目蓋を閉じたまま、俺は悲しいような期待するような不思議な感情があったような気がする。
……手の力が緩んだ。
暫く眠った振りのまま気配が消えるのを待った。
気配は隣に移った。
眼を開けるタイミングもなく再びまどろんでいると、玄関の方でドアが開けられた。
入って近づいて来る足音、「寝ちゃってるの」という母の声がした。
眼を開けて半身を起こすと、母は卓袱台の上に買ってきたカップのアイスを置いた。
同じように起き上がっている晃一と眼が合った。
この眠りの間に距離が開いてしまったかのような、そんな眼をしていた。
三人でソーダ・フレーバーの青いアイスを食べた後、晃一は言葉少なく挨拶をして帰宅した。

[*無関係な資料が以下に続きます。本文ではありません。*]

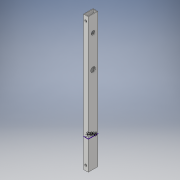
# Autodesk Inventor part: 2x1 16in Aluminum-ver1-1111-2020
Saved by Autodesk Inventor 2018 (Build 220112000, 112)
## iProperties
Created: 2020-01-28
Part Number: 2x1 16in Aluminum-ver1-1111-2020
Material: Generic
Document SubType Name: Modeling
Designer: JMHal
Density: 1 g/cm^3
Appearance: Default
Author: JMHal
Autodesk Inventor part; units mm, degrees
ref_plane "YZ Plane" through (0, 0, 0) normal (1, 0, 0) x (0, 1, 0)
ref_plane "XZ Plane" through (0, 0, 0) normal (0, 1, 0) x (-1, 0, 0)
ref_plane "XY Plane" through (0, 0, 0) normal (0, 0, 1) x (1, 0, 0)
sketch "Sketch1" plane through (0, 0, 0) normal (0, 1, 0) x (-1, 0, 0)
  line L0 (0, 0) -> (25.4, 0)
  line L1 (25.4, 0) -> (25.4, -50.8)
  line L2 (25.4, -50.8) -> (0, -50.8)
  line L3 (0, -50.8) -> (0, 0)
  line L4 (22.225, -47.625) -> (22.225, -3.175)
  line L5 (22.225, -3.175) -> (3.175, -3.175)
  line L6 (3.175, -3.175) -> (3.175, -47.625)
  line L7 (3.175, -47.625) -> (22.225, -47.625)
  dimension "d0" = 50.8
  dimension "d1" = 25.4
  dimension "d2" = 3.175
  constraints: 16 end point, 4 parallel, 2 perpendicular, 1 horizontal, 3 other
  measures "d0" distance between parallel lines of L2 L0
  measures "d1" distance between parallel lines of L1 L3
  measures "d2" distance between parallel lines of L1 L4
extrude "Extrusion1" add sketch "Sketch1" along normal blind 558.8
sketch "Sketch2" plane through (0, 0, 0) normal (1, 0, 0) x (0, 0, -1)
  circle A0 centre (25.4, 304.8) radius 12.7
  line L0 (0, 0) -> (0, 558.8) projected
  line L1 (50.8, 0) -> (0, 0) projected
  line L2 (50.8, 558.8) -> (0, 558.8) projected
  dimension "d5" = 25.4
  dimension "d6" = 25.4
  dimension "d24" = 254
  constraints: 1 centre point
  measures "d5" diameter of A0
  measures "d6" distance from line of A0.centre L0
  measures "d24" distance from line of L2 A0.centre
extrude "Extrusion2" cut sketch "Sketch2" against normal blind 25.4
sketch "Sketch4" plane through (-22.225, 0, -47.625) normal (1, 0, 0) x (0, 0, -1)
  circle A0 centre (-22.225, 473.075) radius 7.62
  line L0 (-47.625, 558.8) -> (3.175, 558.8) projected
  line L1 (-47.625, 0) -> (-47.625, 558.8) projected
  dimension "d15" = 25.4
  dimension "d16" = 15.24
  dimension "d20" = 85.725
  constraints: 1 centre point
  measures "d15" distance from line of L1 A0.centre
  measures "d16" diameter of A0
  measures "d20" distance from line of L0 A0.centre
extrude "Extrusion4" cut sketch "Sketch4" against normal blind 12.7
extrude "Extrusion5" add sketch "Sketch1" against normal blind 152.4
sketch "Sketch8" plane through (-25.4, 558.8, -50.8) normal (-1, 0, 0) x (0, 0, 1)
  line L0 (47.625, -63.5) -> (3.175, -63.5)
  line L1 (3.175, -63.5) -> (3.175, -107.95)
  line L2 (3.175, -107.95) -> (47.625, -107.95)
  line L3 (47.625, -107.95) -> (47.625, -63.5)
  line L4 (0, 0) -> (50.8, 0) projected
  line L5 (47.625, -711.2) -> (47.625, 0) projected
  line L6 (3.175, 0) -> (3.175, -711.2) projected
  point P0 (50.8, -558.8)
  dimension "d29" = 63.5
  dimension "d30" = 0
  dimension "d31" = 0
  dimension "d32" = 44.45
  constraints: 8 end point, 2 parallel, 1 horizontal, 1 perpendicular
  measures "d29" distance between parallel lines of L4 L0
  measures "d30" distance between parallel lines of L5 L3
  measures "d31" distance between parallel lines of L6 L1
  measures "d32" distance between parallel lines of L0 L2
extrude "Extrusion6" cut sketch "Sketch8" against normal blind 12.7 contours L3 L2 L1 L0
sketch "Sketch9" plane through (0, 558.8, 0) normal (1, 0, 0) x (0, 0, -1)
  circle A0 centre (25.4, -85.725) radius 10.16
  line L0 (0, 0) -> (50.8, 0) projected
  line L1 (50.8, 0) -> (50.8, -711.2) projected
  point P0 (0, -558.8)
  dimension "d35" = 85.725
  dimension "d36" = 25.4
  dimension "d37" = 20.32
  constraints: 1 centre point
  measures "d35" distance from line of L0 A0.centre
  measures "d36" distance from line of L1 A0.centre
  measures "d37" diameter of A0
extrude "Extrusion7" cut sketch "Sketch9" against normal blind 12.7
sketch "Sketch11" plane through (0, 558.8, -50.8) normal (0, 0, -1) x (-1, 0, 0)
  circle A0 centre (12.7, -25.4) radius 5.715
  line L0 (0, 0) -> (25.4, 0) projected
  line L1 (25.4, 0) -> (25.4, -711.2) projected
  circle A1 centre (12.7, -685.8) radius 5.715
  line L2 (25.4, -711.2) -> (0, -711.2) projected
  point P0 (0, -558.8)
  dimension "d48" = 11.43
  dimension "d49" = 25.4
  dimension "d50" = 12.7
  dimension "d51" = 11.43
  dimension "d52" = 12.7
  dimension "d53" = 25.4
  constraints: 2 centre point
  measures "d48" diameter of A0
  measures "d49" distance from line of A0.centre L0
  measures "d50" distance from line of A0.centre L1
  measures "d51" diameter of A1
  measures "d52" distance from line of A1.centre L1
  measures "d53" distance from line of A1.centre L2
extrude "Extrusion9" cut sketch "Sketch11" against normal blind 50.8
body "Solid1"
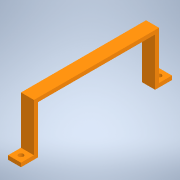
# Autodesk Inventor part: battery_pack_clamp_v2
Saved by Autodesk Inventor 2020.3 (Build 243373000, 373)
## iProperties
Created: 2020-11-24
Part Number: battery_pack_clamp_v2
Material: PET Plastic
Document SubType Name: Modeling
Designer: Devin
Density: 1.541 g/cm^3
Appearance: Orange
Author: Devin
Autodesk Inventor part; units mm, degrees
ref_plane "YZ Plane" through (0, 0, 0) normal (1, 0, 0) x (0, 1, 0)
ref_plane "XZ Plane" through (0, 0, 0) normal (0, 1, 0) x (-1, 0, 0)
ref_plane "XY Plane" through (0, 0, 0) normal (0, 0, 1) x (1, 0, 0)
sketch "Sketch1" plane through (0, 0, 0) normal (1, 0, 0) x (0, 1, 0)
  line L0 (0.0837, -1.2362) -> (0.0837, -73.5362)
  line L1 (0.0837, -73.5362) -> (-29.4163, -73.5362)
  line L2 (-29.4163, -1.2362) -> (0.0837, -1.2362)
  line L3 (2.4837, -75.9362) -> (2.4837, 1.1638)
  line L4 (2.4837, 1.1638) -> (-27.0163, 1.1638)
  line L5 (-27.0163, -75.9362) -> (2.4837, -75.9362)
  line L6 (-27.0163, 1.1638) -> (-27.0163, 9.1638)
  line L7 (-27.0163, 9.1638) -> (-29.4163, 9.1638)
  line L8 (-27.0163, -75.9362) -> (-27.0163, -83.9362)
  line L9 (-27.0163, -83.9362) -> (-29.4163, -83.9362)
  line L10 (-29.4163, 9.1638) -> (-29.4163, -1.2362)
  line L11 (-29.4163, -73.5362) -> (-29.4163, -83.9362)
  point P0 (0, 0)
  dimension "d10" = 29.5
  dimension "d11" = 72.3
  dimension "d12" = 2.4
  dimension "d13" = 2.4
  dimension "d14" = 2.4
  dimension "d15" = 2.4
  dimension "d16" = 2.4
  dimension "d17" = 8
  dimension "d25" = 8
  constraints: 24 end point, 4 parallel, 2 perpendicular, 2 vertical, 1 horizontal
  measures "d10" distance between parallel lines of L10 L0
  measures "d11" distance between parallel lines of L1 L2
  measures "d12" distance between parallel lines of L5 L1
  measures "d13" distance between parallel lines of L4 L2
  measures "d14" distance between parallel lines of L3 L0
  measures "d15" distance between parallel lines of L11 L8
  measures "d16" distance between parallel lines of L10 L6
  measures "d17" distance between parallel lines of L7 L4
  measures "d25" distance between parallel lines of L5 L9
extrude "Extrusion1" add sketch "Sketch1" along normal blind 8
sketch "Sketch2" plane through (0, -27.0163, 9.1638) normal (0, 1, 0) x (1, 0, 0)
  line L0 (0, 8) -> (8, 8) projected
  line L1 (8, 8) -> (8, 0) projected
  line L2 (0, 8) -> (8, 8) projected
  line L3 (0, 0) -> (8, 0) projected
  circle A0 centre (4, 4) radius 1.5
  line L4 (0, 93.1) -> (0, 85.1) projected
  circle A1 centre (4, 89.1) radius 1.5
  point P0 (0, 9.1638)
  point P1 (8, 93.1)
  point P2 (8, 85.1)
  dimension "d26" = 3
  dimension "d27" = 3
  constraints: 2 centre point
  measures "d26" diameter of A0
  measures "d27" diameter of A1
extrude "Extrusion2" cut sketch "Sketch2" against normal blind 10
body "Solid1"
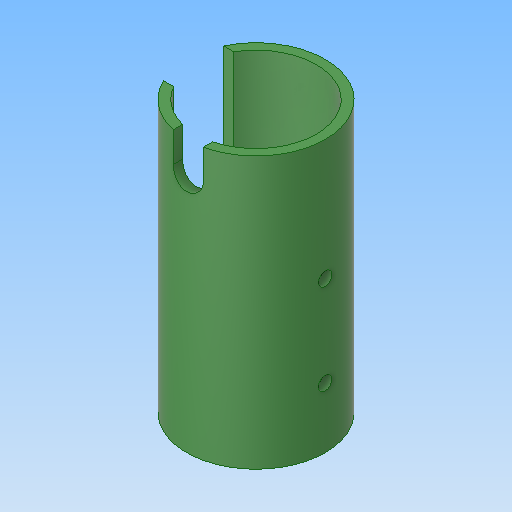
# Autodesk Inventor part: Pancake_PVC Pipe 2
Saved by Autodesk Inventor 2018.1 (Build 221171000, 171)
## iProperties
Created: 2019-02-11
Part Number: Pancake_PVC Pipe 2
Material: PVC-Piping
Document SubType Name: Modeling
Designer: James
Density: 1.4 g/cm^3
Appearance: Smooth - Dark Forest Green
Mass: 46.0258 g
Surface Area: 232.112 cm^2
Volume: 32.8755 cm^3
Author: James
Autodesk Inventor part; units mm, degrees
ref_plane "YZ Plane" through (0, 0, 0) normal (1, 0, 0) x (0, 1, 0)
ref_plane "XZ Plane" through (0, 0, 0) normal (0, 1, 0) x (-1, 0, 0)
ref_plane "XY Plane" through (0, 0, 0) normal (0, 0, 1) x (1, 0, 0)
sketch "Sketch1" plane through (0, 0, 0) normal (0, 1, 0) x (-1, 0, 0)
  circle A0 centre (0, 0) radius 23
  circle A1 centre (0, 0) radius 20
  dimension "d0" = 3
  dimension "d1" = 40
  constraints: 2 centre point, 2 coincident
  measures "d0" radial gap between concentric circles of A0 A1
  measures "d1" diameter of A1
extrude "Extrusion1" add sketch "Sketch1" along normal blind 90
sketch "Sketch2" plane through (0, 0, 0) normal (0, 0, 1) x (1, 0, 0)
  line L0 (-23, 100) -> (0, 100)
  line L1 (0, 100) -> (0, 40)
  line L2 (0, 40) -> (-23, 40)
  line L3 (-23, 40) -> (-23, 100)
  line L4 (23, 90) -> (-23, 90) projected
  line L5 (-23, 0) -> (23, 0) projected
  point P0 (0, 0)
  dimension "d4" = 60
  dimension "d34" = 40
  constraints: 8 end point, 2 parallel, 1 horizontal, 1 perpendicular, 1 vertical alignment
  measures "d4" distance of L2.end L0.start
  measures "d34" distance between parallel lines of L5 L2
extrude "Extrusion2" cut sketch "Sketch2" along normal mid plane 20
fillet "Fillet1" radius 5 2 edges at (-19.0164, 40, 10) (-19.0164, 40, -10)
sketch "Sketch3" plane through (0, 0, 0) normal (1, 0, 0) x (0, 1, 0)
  line L0 (-21, 0) -> (126, 0) projected
  line L1 (105, -5) -> (105, 5) projected
  line L2 (90, 20) -> (90, -20) projected
  line L3 (0, 23) -> (0, -23) projected
  point P0 (0, 0)
  point P1 (50, 0)
  point P2 (20, 0)
  dimension "d9" = 30
  dimension "d31" = 20
  constraints: 1 horizontal alignment, 1 point on line
  measures "d9" distance of point (20, 0) point (50, 0)
  measures "d31" distance from line of L3 point (20, 0)
hole "Hole1" at (0, 50, 0) at (0, 20, 0) direction (1, 0, 0) diameter 4.5 end through all clearance for "Socket Head Cap Screw" size "M4" standard "Ansi Metric M Profile"
sketch "Sketch4" plane through (0, 90, 0) normal (0, 1, 0) x (0, 0, -1)
  arc A0 (-10, 17.3205) -> (10, 17.3205) centre (0, 0) ccw projected
  arc A1 (-10, 20.7123) -> (10, 20.7123) centre (0, 0) ccw projected
  circle A2 centre (0, 0) radius 20 projected
  line L0 (10, 20.7123) -> (10, 17.3205) projected
  line L1 (-10, 17.3205) -> (-10, 20.7123) projected
  line L2 (-19.3649, -5) -> (-23, -5)
  line L3 (-23, -5) -> (-23, 5)
  line L4 (-23, 5) -> (-19.3649, 5)
  line L5 (-19.3649, 5) -> (-19.3649, -5)
  dimension "d32" = 10
  dimension "d33" = 5
  constraints: 8 end point, 2 parallel, 1 horizontal, 1 perpendicular, 1 tangent, 2 other
  measures "d32" distance of L2.end L3.end
  measures "d33" distance from line of L2 point (0, 0)
extrude "Extrusion3" cut sketch "Sketch4" against normal blind 15 contours L5 A0 | A0 L2 A1 L4 | A1 L3 L4 | L2 L3 A1
fillet "Fillet2" radius 5 2 edges at (5, 75, 20.9074) (-5, 75, 20.9074)
sketch "Sketch5" plane through (0, 0, 0) normal (0, 0, 1) x (1, 0, 0)
  line L0 (23, 90) -> (3, 90)
  line L1 (3, 90) -> (3, 60)
  line L2 (3, 60) -> (23, 60)
  line L3 (23, 60) -> (23, 90)
  line L4 (23, 0) -> (23, 90) projected
  line L5 (23, 90) -> (-20.7123, 90) projected
  point P0 (0, 0)
  point P1 (22.4499, 110)
  point P2 (22.4499, 110)
  dimension "d25" = 0
  dimension "d26" = 20
  dimension "d27" = 30
  constraints: 8 end point, 2 parallel, 1 coincident, 1 horizontal, 1 perpendicular, 1 other
  measures "d25" vertical extent of L0
  measures "d26" distance of L0.start L0.end
  measures "d27" distance between parallel lines of L2 L0
extrude "Extrusion4" [suppressed]
fillet "Fillet3" [suppressed]
equation "\"d33\" = 0.5 * d32"
body "Solid1"

その日が夏の終わりだったかのように、新学期が始まると晃一はもう俺と話すことは無くなり、そうして別の級友らと過ごすようになり、俺はまた一人になった。
母はその日以来、友達を二度と家に招かなくなった俺のことを気にしていたようだった。
もともと俺が友達の少ないことを、どこかで自分が親として十分ではないからなどというような引け目を感じている節があったのだけど、その日以降から折に触れ「ごめんね」と口癖のように俺に謝まるようになった。
俺は母の悲しむような様子がいたたまれず、そんなことはないと言うのだけれど、沈んだ顔ばかりしていた。
俺は高校を卒業し働くようになったが、十分な親孝行をする前に、ある年に母は体調を崩しあっけなく旅立ってしまった。
俺は本当の一人ぼっちになったわけだ。
晃一は何で俺を殺そうとしたのだろう、それをずっと考えても分からず、今でもまだ考えている。
晃一は俺よりも普通の級友らとの日常を選んだのだろうか。
俺といることで、学校での立場がやはり微妙なことになっていたのだろうか。
いつからか、俺のことが邪魔になっていたのだろうか。
だから魔が差したように、睡る無防備な俺を見て縊り殺してみようかと思ったのではないか。
何の準備も計画もなく、ほとんど夢のように俺の首に手をかけたのだとすれば。
それならばそれで良い。
もともと一人だった俺にとっては、元に戻るだけのこと。
俺はこれまでも、これからも一人のままだ。